Foto: Elizeu dos Santos, túnel Serra das Russas/PE |
Eterno Retorno é um conceito desenvolvido pelo filósofo Friedrich Nietzsche
(1844-1900), considerado por ele próprio um dos seus pensamentos mais impactantes. Foi durante um passeio, em 1881, que Nietzsche refletiu sobre os
sentidos das vivências em alternâncias que se “repetem”. Embora em várias de
suas obras encontremos pistas do que seria o Eterno Retorno, é na sua obra A
Gaia Ciência (1882), um dos mais belos livros antes de Nietzsche sofrer das
baixas de sua saúde, que ele nos brinda com a ideia mais nítida do que seria
esse conceito:
E se um dia ou uma noite um demônio se esgueirasse em tua mais solitária
solidão e te dissesse: “Esta vida, assim como tu vives agora e como a viveste,
terás de vivê-la ainda uma vez e ainda inúmeras vezes: e não haverá nela nada
de novo, cada dor e cada prazer e cada pensamento e suspiro e tudo o que há de
indivisivelmente pequeno e de grande em tua vida há de te retornar, e tudo na
mesma ordem e seqüência – e do mesmo modo esta aranha e este luar entre as
árvores, e do mesmo modo este instante e eu próprio.
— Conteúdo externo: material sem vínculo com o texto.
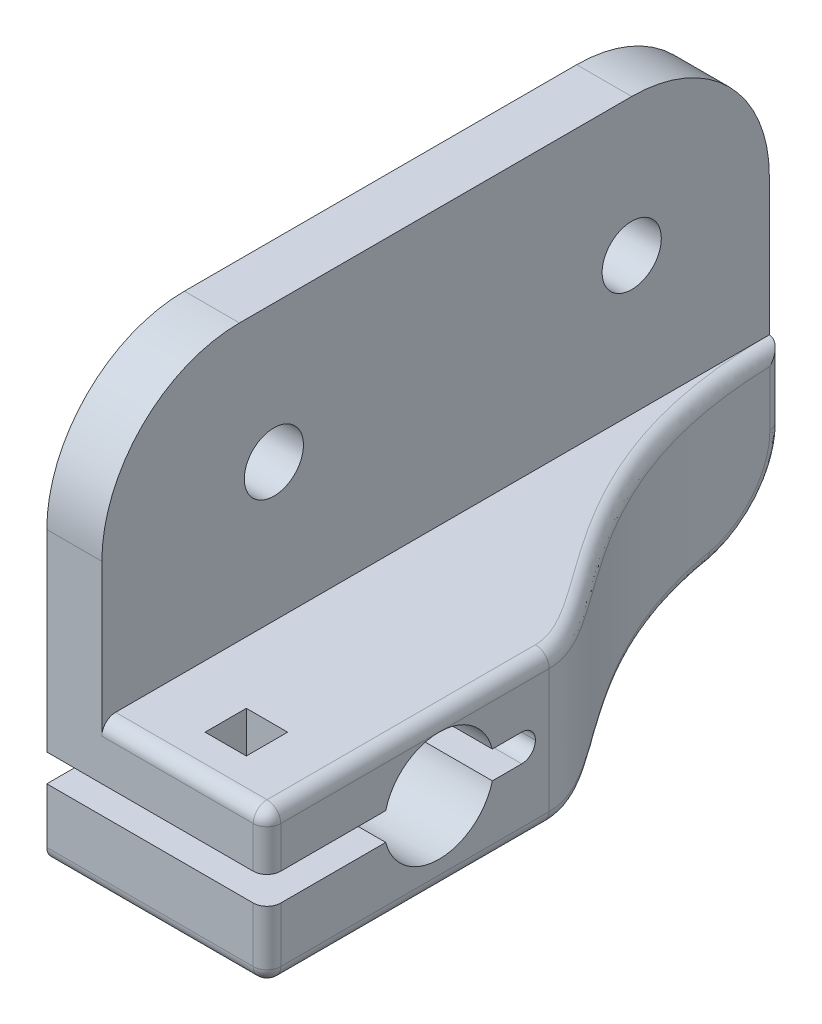
SolidWorks part; units mm, degrees
ref_plane "Plan de face" through (0, 0, 0) normal (0, 0, 1) x (1, 0, 0)
ref_plane "Plan de dessus" through (0, 0, 0) normal (0, 1, 0) x (1, 0, 0)
ref_plane "Plan de droite" through (0, 0, 0) normal (1, 0, 0) x (0, 0, -1)
sketch "Esquisse1" plane through (0, 0, 0) normal (0, 0, 1) x (1, 0, 0)
  line L1 (-288, -11) -> (-272, -11)
  line L2 (-284, 0) -> (-284, 20)
  line L3 (-284, 20) -> (-288, 20)
  line L4 (-288, 20) -> (-288, 0)
  line L8 (-288, 0) -> (-288, -11)
  line L10 (-272, -11) -> (-272, 0)
  line L11 (-272, 0) -> (-284, 0)
  dimension "D7" = 11
  dimension "D2" = 20
  dimension "D3" = 12
  dimension "D4" = 4
extrude "Boss.-Extru.1" add sketch "Esquisse1" along normal blind 25
hole_wizard "Dégagement M41" positions "Esquisse3" profile "Esquisse2" hole size "M4" standard "Din"
sketch "Esquisse3" plane through (-288, 0, 0) normal (-1, 0, 0) x (0, 0, 1)
  line L0 (25, 20) -> (0, 20) construction
  line L2 (12.5, 10) -> (12.5, 20) construction
  point P0 (12.5, 10)
  dimension "D1" = 10
sketch "Esquisse2" plane through (-288, 10, 12.5) normal (0, 1, 0) x (0, 0, 1)
  line L0 (0, 0) -> (0, 5)
  line L1 (0, 5) -> (2.15, 5)
  line L2 (2.15, 5) -> (2.15, 0)
  line L5 (2.15, 0) -> (0, 0)
  line L10 (0, 5) -> (-2.15, 5) construction
  line L11 (0, -6.35) -> (0, 107.95) construction
  dimension "Diamètre du perçage" = 4.3
  dimension "Profondeur du perçage" = 5
  dimension "Angle de pointe" = 180
sketch "Esquisse4" plane through (-272, 0, 0) normal (-1, 0, 0) x (0, 0, 1)
  line L0 (25, 0) -> (0, 0) construction
  line L1 (25, -4) -> (16.373, -4)
  line L2 (25, -4) -> (25, -6)
  line L3 (25, -6) -> (16.373, -6)
  line L4 (5.5, -4.99) -> (5.5, -5.01)
  line L6 (25, -11) -> (0, -11) construction
  line L7 (8.627, -6) -> (6.49, -6)
  line L8 (8.627, -4) -> (6.49, -4)
  line L9 (25, 20) -> (25, -11) construction
  line L12 (0, -5) -> (12.5, -5) construction
  arc A0 (8.627, -6) -> (16.373, -6) centre (12.5, -5) ccw
  arc A1 (6.49, -6) -> (5.5, -5.01) centre (6.49, -5.01) cw
  arc A2 (6.49, -4) -> (5.5, -4.99) centre (6.49, -4.99) ccw
  arc A3 (16.373, -4) -> (8.627, -4) centre (12.5, -5) ccw
  point P16 (5.5, -4)
  dimension "D4" = 8
  dimension "D6" = 0.99
  dimension "D7" = 0.99
  dimension "D1" = 19.5
  dimension "D2" = 2
  dimension "D3" = 1
  dimension "D5" = 12.5
  dimension "D8" = 5
  dimension "D9" = 6
extrude "Enlèv. mat.-Extru.1" cut sketch "Esquisse4" along normal through all
sketch "Esquisse5" plane through (0, -11, 0) normal (0, 1, 0) x (1, 0, 0)
  line L1 (-279.5, -19) -> (-276.5, -19)
  line L2 (-279.5, -19) -> (-279.5, -22)
  line L3 (-279.5, -22) -> (-276.5, -22)
  line L4 (-276.5, -19) -> (-276.5, -22)
  line L5 (-278, -22) -> (-278, -25) construction
  line L7 (-272, -25) -> (-284, -25) construction
  dimension "D1" = 3
  dimension "D2" = 3
extrude "Enlèv. mat.-Extru.2" cut sketch "Esquisse5" along normal through all
sketch "Esquisse6" plane through (0, 0, 0) normal (0, 0, -1) x (-1, 0, 0)
  line L23 (288, -11) -> (288, 20)
  line L24 (288, 20) -> (284, 20)
  line L25 (284, 20) -> (284, 0)
  line L26 (284, 0) -> (272, 0)
  line L27 (272, 0) -> (272, -11)
  line L28 (272, -11) -> (288, -11)
  line L33 (288, -11) -> (288, 20)
  line L34 (288, 20) -> (284, 20)
  line L35 (284, 20) -> (284, 0)
  line L36 (284, 0) -> (272, 0)
  line L37 (272, 0) -> (272, -11)
  line L38 (272, -11) -> (288, -11)
  dimension "D1" = 0
extrude "Boss.-Extru.2" add sketch "Esquisse6" along normal up to surface (23.5 mm away)
fillet "Congé2" radius 6 1 edges at (-280, -11, -23.5) tangent propagation no
fillet "Congé3" radius 10 2 edges at (-286, 20, 25) (-286, 20, -23.5)
fillet "Congé4" radius 1 2 edges at (-278, 0, 25) (-280, -11, 25)
hole_wizard "Dégagement M42" positions "Esquisse8" profile "Esquisse7" hole size "M4" standard "Din"
sketch "Esquisse8" plane through (-284, 0, 0) normal (1, 0, 0) x (0, 0, -1)
  line L0 (13.5, 10) -> (-12.5, 10) construction
  line L1 (23.5, 0) -> (23.5, 10) construction
  point P0 (13.5, 10)
  dimension "D1" = 10
sketch "Esquisse7" plane through (-284, 10, -13.5) normal (0, 1, 0) x (0, 0, -1)
  line L0 (0, 0) -> (0, 5)
  line L1 (0, 5) -> (2.15, 5)
  line L2 (2.15, 5) -> (2.15, 0)
  line L5 (2.15, 0) -> (0, 0)
  line L10 (0, 5) -> (-2.15, 5) construction
  line L11 (0, -6.35) -> (0, 107.95) construction
  dimension "Diamètre du perçage" = 4.3
  dimension "Profondeur du perçage" = 5
  dimension "Angle de pointe" = 180
sketch "Esquisse9" plane through (0, 0, 0) normal (0, 1, 0) x (1, 0, 0)
  line L0 (-272, -24) -> (-272, 23.5) construction
  line L1 (-272, 23.5) -> (-284, 23.5) construction
  line L2 (-284, 13.5) -> (-284, 23.5) construction
  line L3 (-288, -5.5) -> (-272, -5.5) construction
  line L4 (-283, -370.1509) -> (-283, -334.3738) construction
  line L5 (-272, -359.718) -> (-272, -353.7892) construction
  line L6 (-283, 23.5) -> (-272, 23.5)
  line L7 (-272, 23.5) -> (-272, -4.5)
  spline S0 degree 3 poles (-272, -4.5) (-272, 0.7315) (-283, 6.7467) (-283, 23.5) knots 0 0 0 0 1 1 1 1
  dimension "D1" = 1
  dimension "D2" = 1
extrude "Enlèv. mat.-Extru.3" cut sketch "Esquisse9" against normal through all
fillet "Congé5" radius 1 10 edges at (-272, -8, 25) (-272, -10.7071, 24.7071) (-272, -11, 14.25) (-282.9301, -9.7086, -21.2187) (-283, -2.5, -23.5) (-272, -2.5, 25) (-272, -0.2929, 24.7071) (-272, 0, 14.25)
move or copy body "Corps-Déplacer/Copier1" [suppressed] bodies to move or copy 104
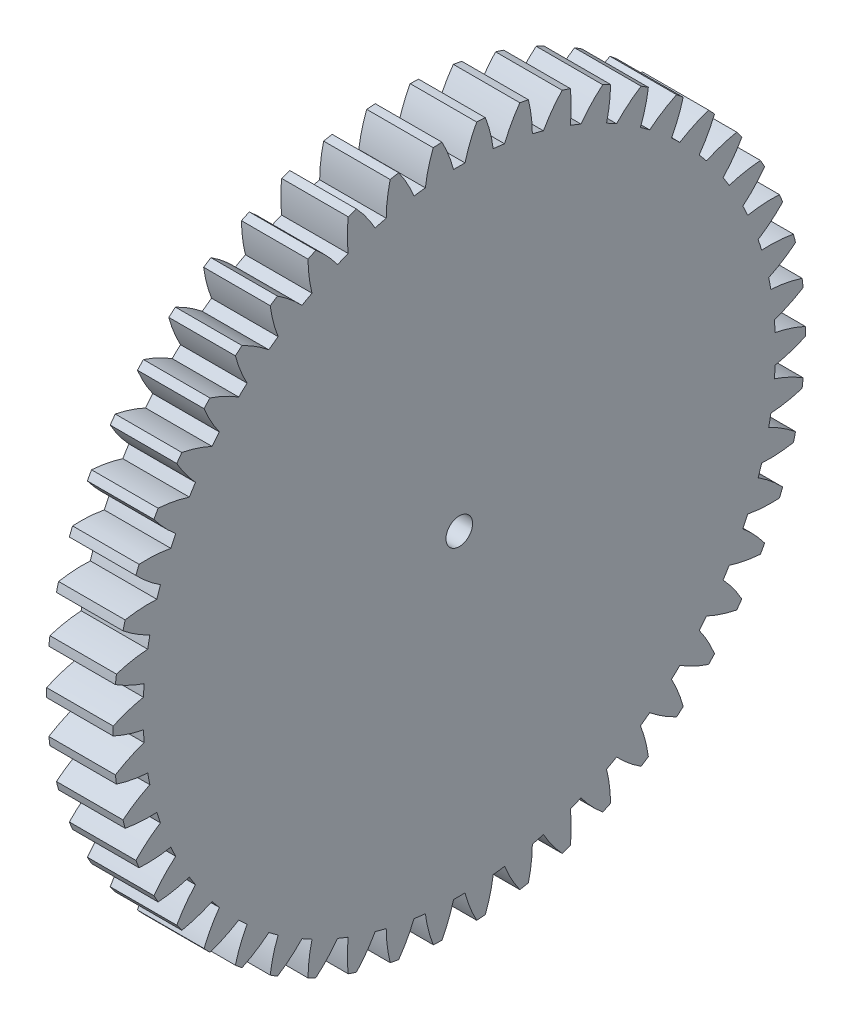
SolidWorks part; units mm, degrees
ref_plane "Plane1" through (0, 0, 0) normal (0, 0, 1) x (1, 0, 0)
ref_plane "Plane2" through (0, 0, 0) normal (0, 1, 0) x (1, 0, 0)
ref_plane "Plane3" through (0, 0, 0) normal (1, 0, 0) x (0, 0, -1)
sketch "HoldingSke" plane through (0, 0, 0) normal (0, 1, 0) x (1, 0, 0)
  line L0 (0, 0) -> (0.3214, -0.383)
  line L1 (-15, 0) -> (100, 0) construction
  line L2 (0, 0) -> (-2.1039, 2.3779)
  line L3 (0, 0) -> (-11.863, 4.5341)
  line L4 (0, 0) -> (5.5511, 6.6156)
  line L5 (0, 0) -> (-18.7391, -6.9891)
  line L6 (0, 0) -> (-8.2896, -5.593)
  line L7 (-2.1039, 2.3779) -> (2.2011, 21.9091)
  line L8 (-76.2, 54.61) -> (-75.5, 54.61)
  line L9 (-71.009, 38.7566) -> (-53.1078, 45.2721)
  line L10 (-76.2, 71.12) -> (104.1128, 71.12)
  line L11 (0, 0) -> (-10, 0)
  line L12 (-76.2, 101.6) -> (-76.133, 101.6)
  line L13 (24.9733, 27.94) -> (52.9518, 28.4284)
  line L14 (24.9733, 27.94) -> (24.9743, 27.94)
  line L15 (24.9733, 27.94) -> (100.4006, 29.5858)
  line L16 (-63.627, -2) -> (-12.827, -2)
  circle A0 centre (0, 0) radius 2
  circle A1 centre (0, 0) radius 25
  circle A2 centre (0, 0) radius 25
  circle A3 centre (0, 0) radius 2
  dimension "MHD" = 50
  dimension "Hub_dia" = 50
  dimension "Bore" = 4
  dimension "MBD" = 4
  dimension "Num_teeth" = 50
  dimension "Pitch_radius" = 180.3128
  dimension "Pitch" = 0.5
  dimension "Width" = 10
  dimension "Overall_len" = 20
  dimension "Show_teeth" = 50
  dimension "Thickness" = 10
  dimension "OAL" = 20.0001
  dimension "T_dim" = 0.7
  dimension "Ap" = 20
  dimension "H" = 19.05
  dimension "Backlash" = 0.067
  dimension "Addendum_fac" = 1
  dimension "Dedendum_fac" = 1.25
  dimension "Clearance_fac" = 0.25
  dimension "Dedendum_add" = 0.001
  dimension "Module" = 2
sketch "BasProSke" plane through (0, 0, 0) normal (0, 1, 0) x (1, 0, 0)
  line L0 (-10, 0) -> (60, 0) construction
  line L1 (0, 0) -> (0, 52)
  line L2 (0, 0) -> (10, 0)
  line L3 (10, 0) -> (10, 52)
  line L4 (10, 52) -> (0, 52)
  dimension "Diameter" = 104
  dimension "Thickness" = 10
revolve "Base-Revolve" add sketch "BasProSke" angle 360 about L0
sketch "TooCutSke" plane through (0, 0, 0) normal (1, 0, 0) x (0, 0, -1)
  line L1 (0, 0) -> (0, 107) construction
  line L2 (0, 0) -> (-1.6878, 49.9715) construction
  line L3 (0, 0) -> (-6.2764, 99.7605) construction
  line L4 (-1.6878, 49.9715) -> (-3.1382, 49.8803) construction
  arc A0 (0.8606, 47.4912) -> (-0.8606, 47.4912) centre (0, 0) ccw
  arc A1 (2.629, 51.9589) -> (-2.629, 51.9589) centre (0, 0) ccw
  circle A2 centre (0, 0) radius 50 construction
  circle A3 centre (0, 0) radius 46.9846 construction
  arc A4 (-0.8606, 47.4912) -> (-2.629, 51.9589) centre (-20.2064, 42.4176) ccw
  arc A5 (2.629, 51.9589) -> (0.8606, 47.4912) centre (20.2064, 42.4176) ccw
  dimension "Root_dia" = 94.998
  dimension "Overcut_dia" = 104.0508
  dimension "Pitch_dia" = 100
  dimension "Base_dia" = 93.9693
  dimension "Flank_rad" = 20
  dimension "Half_ang" = 3.6
  dimension "Half_CT" = 1.4533
extrude "ToothCut" cut sketch "TooCutSke" along normal through all
fillet "Breaks" [suppressed] radius 0.04 tangent propagation no
fillet "RootFillets" [suppressed] radius 0.501
pattern_circular "TeethCuts" count 50 every 7.2 about axis through (-10, 0, 0) along (1, 0, 0) of "ToothCut", "RootFillets", "Breaks"
sketch "HubNeaOneSke" plane through (0, 0, 0) normal (-1, 0, 0) x (0, 0, 1)
  circle A0 centre (0, 0) radius 25
  dimension "Diameter" = 50
extrude "HubNearOne" add sketch "HubNeaOneSke" along normal blind 10.0001
sketch "HubNeaBotSke" plane through (0, 0, 0) normal (-1, 0, 0) x (0, 0, 1)
  circle A0 centre (0, 0) radius 25
  dimension "Diameter" = 50
extrude "HubNearBoth" [suppressed] add sketch "HubNeaBotSke" along normal blind 5
ref_plane "FarPln" through (10, 0, 0) normal (1, 0, 0) x (0, 0, -1)
sketch "HubFarSke" plane through (10, 0, 0) normal (1, 0, 0) x (0, 0, -1)
  circle A0 centre (0, 0) radius 25
  dimension "Diameter" = 50
extrude "HubFar" [suppressed] add sketch "HubFarSke" along normal blind 5
sketch "BorSke" plane through (0, 0, 0) normal (1, 0, 0) x (0, 0, -1)
  circle A0 centre (0, 0) radius 2
  dimension "Diameter" = 4
extrude "Bore" cut sketch "BorSke" along normal mid plane 40.0001
sketch "KeySke" plane through (0, 0, 0) normal (1, 0, 0) x (0, 0, -1)
  line L0 (-0.8, 0) -> (-0.8, 2.7)
  line L1 (-0.8, 2.7) -> (0.8, 2.7)
  line L2 (0.8, 2.7) -> (0.8, 0)
  line L3 (0, 0) -> (0, 34) construction
  line L4 (-0.8, 0) -> (0.8, 0)
  dimension "Offset" = 2.7
  dimension "Width" = 1.6
extrude "Keyway" [suppressed] cut sketch "KeySke" along normal mid plane 40.0001
pattern_circular "Keyway2" [suppressed] count 2 every 90 about axis through (-10, 0, 0) along (1, 0, 0)
equation "' \"Module@HoldingSke\" = 6.35"
equation "' \"Num_teeth@HoldingSke\" = 12"
equation "' \"Ap@HoldingSke\" =  20"
equation "' \"Width@HoldingSke\" = 0.5 * 25.4"
equation "' \"Hub_dia@HoldingSke\"= 1 * 25.4"
equation "' \"Overall_len@HoldingSke\" = 1.0 * 25.4"
equation "' \"Bore@HoldingSke\" = 0.75 * 25.4"
equation "' \"T_dim@HoldingSke\" = 0.1 * 25.4"
equation "' \"Width@KeySke\" = 0.25 * 25.4"
equation "' \"Show_teeth@HoldingSke\" = 13"
equation "' \"Backlash@HoldingSke\" = 0.009 * 25.4"
equation "' \"Addendum_fac@HoldingSke\" = 1.0"
equation "' \"Dedendum_fac@HoldingSke\" = 1.25"
equation "' \"Dedendum_add@HoldingSke\" = 0.00005 * 25.4"
equation "' \"Clearance_fac@HoldingSke\" = 0.25"
equation "\"Pitch@HoldingSke\" = 1 / \"Module@HoldingSke\""
equation "\"Overcut_dia@TooCutSke\" = (\"Num_teeth@HoldingSke\" + 2 * \"Addendum_fac@HoldingSke\") / \"Pitch@HoldingSke\" + 0.002 * 25.4"
equation "\"Pitch_dia@TooCutSke\" = \"Num_teeth@HoldingSke\" / \"Pitch@HoldingSke\""
equation "\"Base_dia@TooCutSke\" = \"Num_teeth@HoldingSke\" / \"Pitch@HoldingSke\" * cos((\"Ap@HoldingSke\"  * 3.14159265 / 180))"
equation "\"Root_dia@TooCutSke\" = (\"Num_teeth@HoldingSke\" + 2) / \"Pitch@HoldingSke\" - 2 * (\"Addendum_fac@HoldingSke\" + \"Dedendum_fac@HoldingSke\") / \"Pitch@HoldingSke\" - \"Dedendum_add@HoldingSke\" * 2"
equation "\"Half_ang@TooCutSke\" = 180 / \"Num_teeth@HoldingSke\""
equation "\"Half_CT@TooCutSke\" = \"Num_teeth@HoldingSke\" / \"Pitch@HoldingSke\" * sin((3.14159265 / 2 / \"Num_teeth@HoldingSke\")) / 2 - 7 * \"Backlash@HoldingSke\" / 4"
equation "\"Flank_rad@TooCutSke\" = \"Num_teeth@HoldingSke\" / \"Pitch@HoldingSke\" / 5"
equation "\"Radius@RootFillets\" = \"Clearance_fac@HoldingSke\" / \"Pitch@HoldingSke\" + \"Dedendum_add@HoldingSke\""
equation "\"Break_rad@Breaks\" = 0.02 / \"Pitch@HoldingSke\""
equation "\"Thickness@HoldingSke\" = \"Width@HoldingSke\""
equation "\"OAL@HoldingSke\" = \"Thickness@HoldingSke\""
equation "\"MHD@HoldingSke\" = (\"Num_teeth@HoldingSke\" + 2) / \"Pitch@HoldingSke\" - 2 * (\"Addendum_fac@HoldingSke\" + \"Dedendum_fac@HoldingSke\")  / \"Pitch@HoldingSke\" - \"Dedendum_add@HoldingSke\" * 2"
equation "\"MBD@HoldingSke\" = (\"Num_teeth@HoldingSke\" + 2) / \"Pitch@HoldingSke\" - 2 * (\"Addendum_fac@HoldingSke\" + \"Dedendum_fac@HoldingSke\")  / \"Pitch@HoldingSke\" - \"Dedendum_add@HoldingSke\" * 2 - 0.002 * 25.4"
equation "\"MHD@HoldingSke\" = ((sgn( \"MHD@HoldingSke\" - \"Hub_dia@HoldingSke\" )-1)*( \"MHD@HoldingSke\" - \"Hub_dia@HoldingSke\" ))/-2+ \"Hub_dia@HoldingSke\""
equation "\"MBD@HoldingSke\" = ((sgn( \"MBD@HoldingSke\" - \"Bore@HoldingSke\" )-1)*( \"MBD@HoldingSke\" - \"Bore@HoldingSke\" ))/-2+ \"Bore@HoldingSke\""
equation "\"OAL@HoldingSke\" = ((sgn( \"OAL@HoldingSke\" - \"Overall_len@HoldingSke\" )+1)*( \"OAL@HoldingSke\" - \"Overall_len@HoldingSke\" ))/2 + \"Overall_len@HoldingSke\" + 0.000002 * 25.4"
equation "\"Num_teeth@TeethCuts\" = int( \"Show_teeth@HoldingSke\" ) + 1"
equation "\"Num_teeth@TeethCuts\" = ((sgn( \"Num_teeth@TeethCuts\" - \"Num_teeth@HoldingSke\" )-1)*( \"Num_teeth@TeethCuts\" - \"Num_teeth@HoldingSke\" ))/-2+ \"Num_teeth@HoldingSke\""
equation "\"Num_teeth@TeethCuts\" = ((sgn( \"Num_teeth@TeethCuts\" - 2.0)+1)*( \"Num_teeth@TeethCuts\" - 2.0))/2 +2.0"
equation "\"Angle@TeethCuts\" = 360.0 / \"Num_teeth@HoldingSke\""
equation "\"Diameter@BasProSke\" = (\"Num_teeth@HoldingSke\" + 2 * \"Addendum_fac@HoldingSke\") / \"Pitch@HoldingSke\""
equation "\"Thickness@BasProSke\"  = \"Thickness@HoldingSke\""
equation "' \"Fillet_rad@BasProSke\" =  \"Thickness@HoldingSke\" * 0.05"
equation "\"MHD@HoldingSke\" = ((sgn( \"MHD@HoldingSke\" - \"Root_dia@TooCutSke\" )-1)*( \"MHD@HoldingSke\" - \"Root_dia@TooCutSke\" ))/-2+ \"Root_dia@TooCutSke\""
equation "\"Diameter@HubNeaOneSke\" = \"MHD@HoldingSke\""
equation "\"Length@HubNearOne\" = \"OAL@HoldingSke\" - \"Thickness@BasProSke\""
equation "\"Diameter@HubNeaBotSke\" = \"MHD@HoldingSke\""
equation "\"Length@HubNearBoth\" = ( \"OAL@HoldingSke\" - \"Thickness@BasProSke\" ) / 2.0"
equation "\"Thickness@FarPln\" = \"Thickness@BasProSke\""
equation "\"Diameter@HubFarSke\" = \"MHD@HoldingSke\""
equation "\"Length@HubFar\" = ( \"OAL@HoldingSke\" - \"Thickness@BasProSke\" ) / 2.0"
equation "\"Diameter@BorSke\" = \"MBD@HoldingSke\""
equation "\"D1@Bore\" = \"OAL@HoldingSke\" * 2.0"
equation "\"D1@Keyway\" = \"OAL@HoldingSke\" * 2.0"
equation "\"Offset@KeySke\" = \"T_dim@HoldingSke\" + \"MBD@HoldingSke\" / 2.0"

A eterna ampulheta da
existência será sempre virada outra vez – e tu com ela, poeirinha da poeira!“
Não te lançarias ao chão e rangerias os dentes e amaldiçoarias o demônio que te
falasses assim? Ou viveste alguma vez um instante descomunal, em que lhe
responderías: “Tu és um deus e nunca ouvi nada mais divino!” Se esse pensamento
adquirisse poder sobre ti, assim como tu és, ele te transformaria e talvez te
triturasse: a pergunta diante de tudo e de cada coisa: “Quero isto ainda uma
vez e inúmeras vezes?” pesaria como o mais pesado dos pesos sobre o teu agir!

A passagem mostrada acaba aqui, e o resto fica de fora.